Data items:
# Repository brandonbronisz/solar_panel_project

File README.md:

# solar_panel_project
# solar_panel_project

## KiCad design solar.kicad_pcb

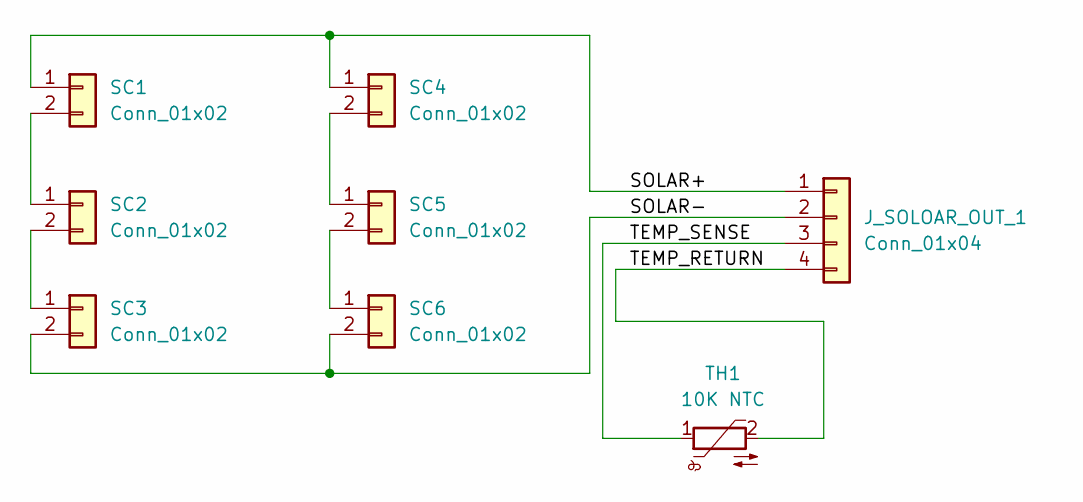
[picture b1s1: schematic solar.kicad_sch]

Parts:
J_SOLOAR_OUT_1: Conn_01x04; JST_PH_S4B-PH-K_1x04_P2.00mm_Horizontal
SC1, SC2, SC3, SC4, SC5, SC6: Conn_01x02; ANYSOLAR_KXOB201K04TF
TH1: 10K NTC; D_DO-35_SOD27_P7.62mm_Horizontal

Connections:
/SOLAR+: J_SOLOAR_OUT_1.1, SC1.1, SC4.1
/SOLAR-: J_SOLOAR_OUT_1.2, SC3.2, SC6.2
/TEMP_RETURN: J_SOLOAR_OUT_1.4, TH1.2
/TEMP_SENSE: J_SOLOAR_OUT_1.3, TH1.1
unnamed: SC1.2, SC2.1
unnamed: SC2.2, SC3.1
unnamed: SC4.2, SC5.1
unnamed: SC5.2, SC6.1

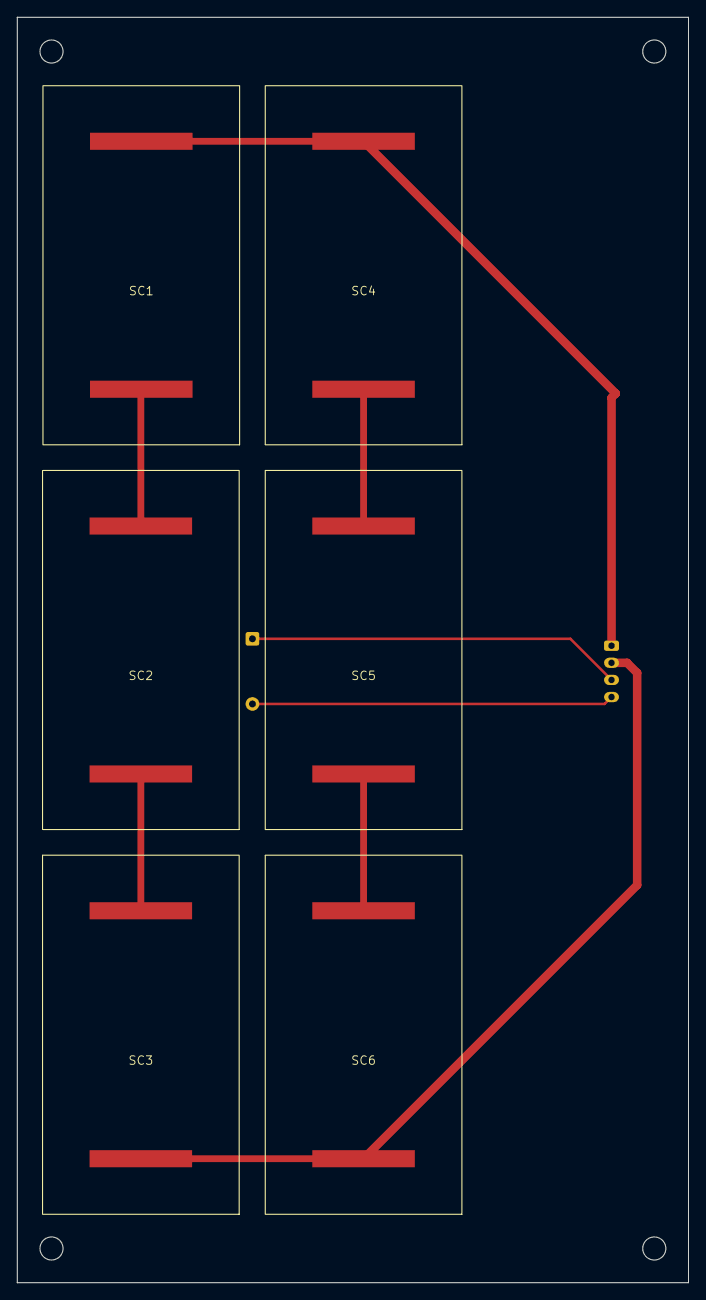
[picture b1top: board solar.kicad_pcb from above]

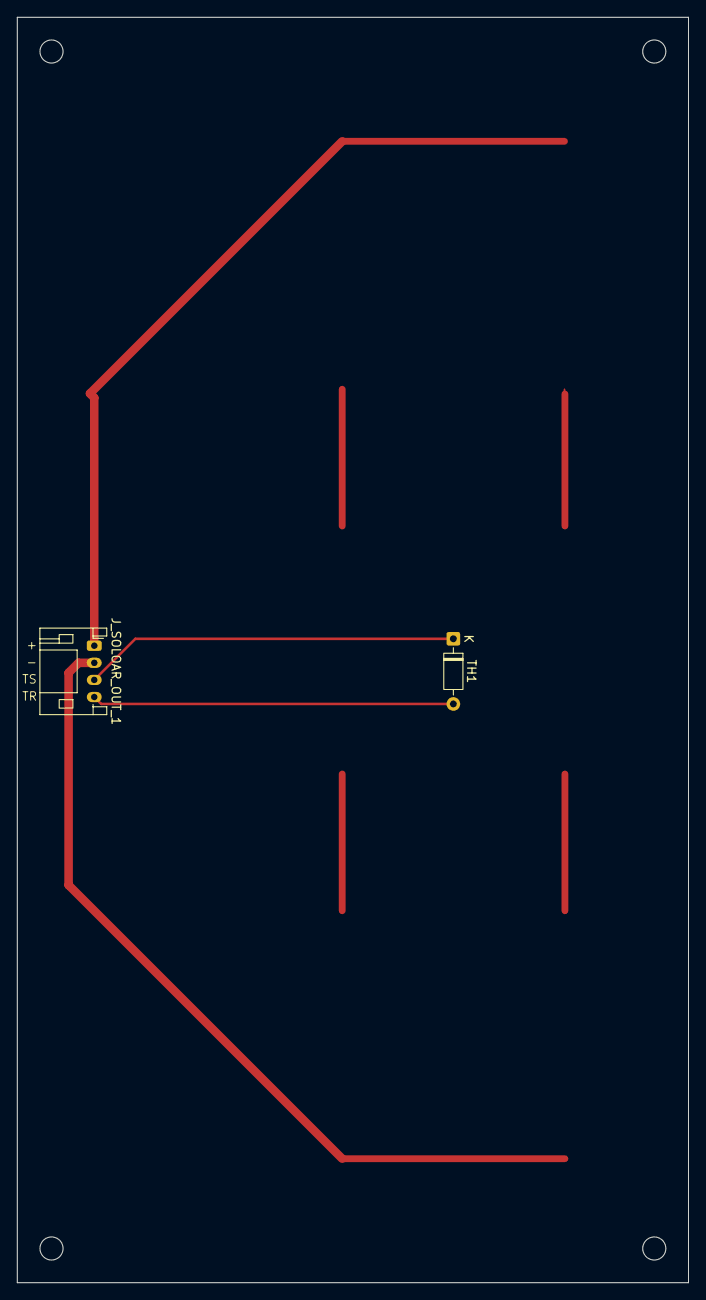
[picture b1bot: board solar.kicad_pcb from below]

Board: 2 copper layers, 78.5 x 148.0 mm, 8 parts (2 on the bottom side), 8 nets.

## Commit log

2026-04-07 init
2026-04-07 add temperature sensor

WHAT YOU NEED TO DO: Write out all the entries word for word, but drop the pictures.

ANSWER SECTION:
# Repository brandonbronisz/solar_panel_project

File README.md:

# solar_panel_project
# solar_panel_project

## KiCad design solar.kicad_pcb

[picture b1s1: schematic solar.kicad_sch]

Parts:
J_SOLOAR_OUT_1: Conn_01x04; JST_PH_S4B-PH-K_1x04_P2.00mm_Horizontal
SC1, SC2, SC3, SC4, SC5, SC6: Conn_01x02; ANYSOLAR_KXOB201K04TF
TH1: 10K NTC; D_DO-35_SOD27_P7.62mm_Horizontal

Connections:
/SOLAR+: J_SOLOAR_OUT_1.1, SC1.1, SC4.1
/SOLAR-: J_SOLOAR_OUT_1.2, SC3.2, SC6.2
/TEMP_RETURN: J_SOLOAR_OUT_1.4, TH1.2
/TEMP_SENSE: J_SOLOAR_OUT_1.3, TH1.1
unnamed: SC1.2, SC2.1
unnamed: SC2.2, SC3.1
unnamed: SC4.2, SC5.1
unnamed: SC5.2, SC6.1

[picture b1top: board solar.kicad_pcb from above]

[picture b1bot: board solar.kicad_pcb from below]

Board: 2 copper layers, 78.5 x 148.0 mm, 8 parts (2 on the bottom side), 8 nets.

## Commit log

2026-04-07 init
2026-04-07 add temperature sensor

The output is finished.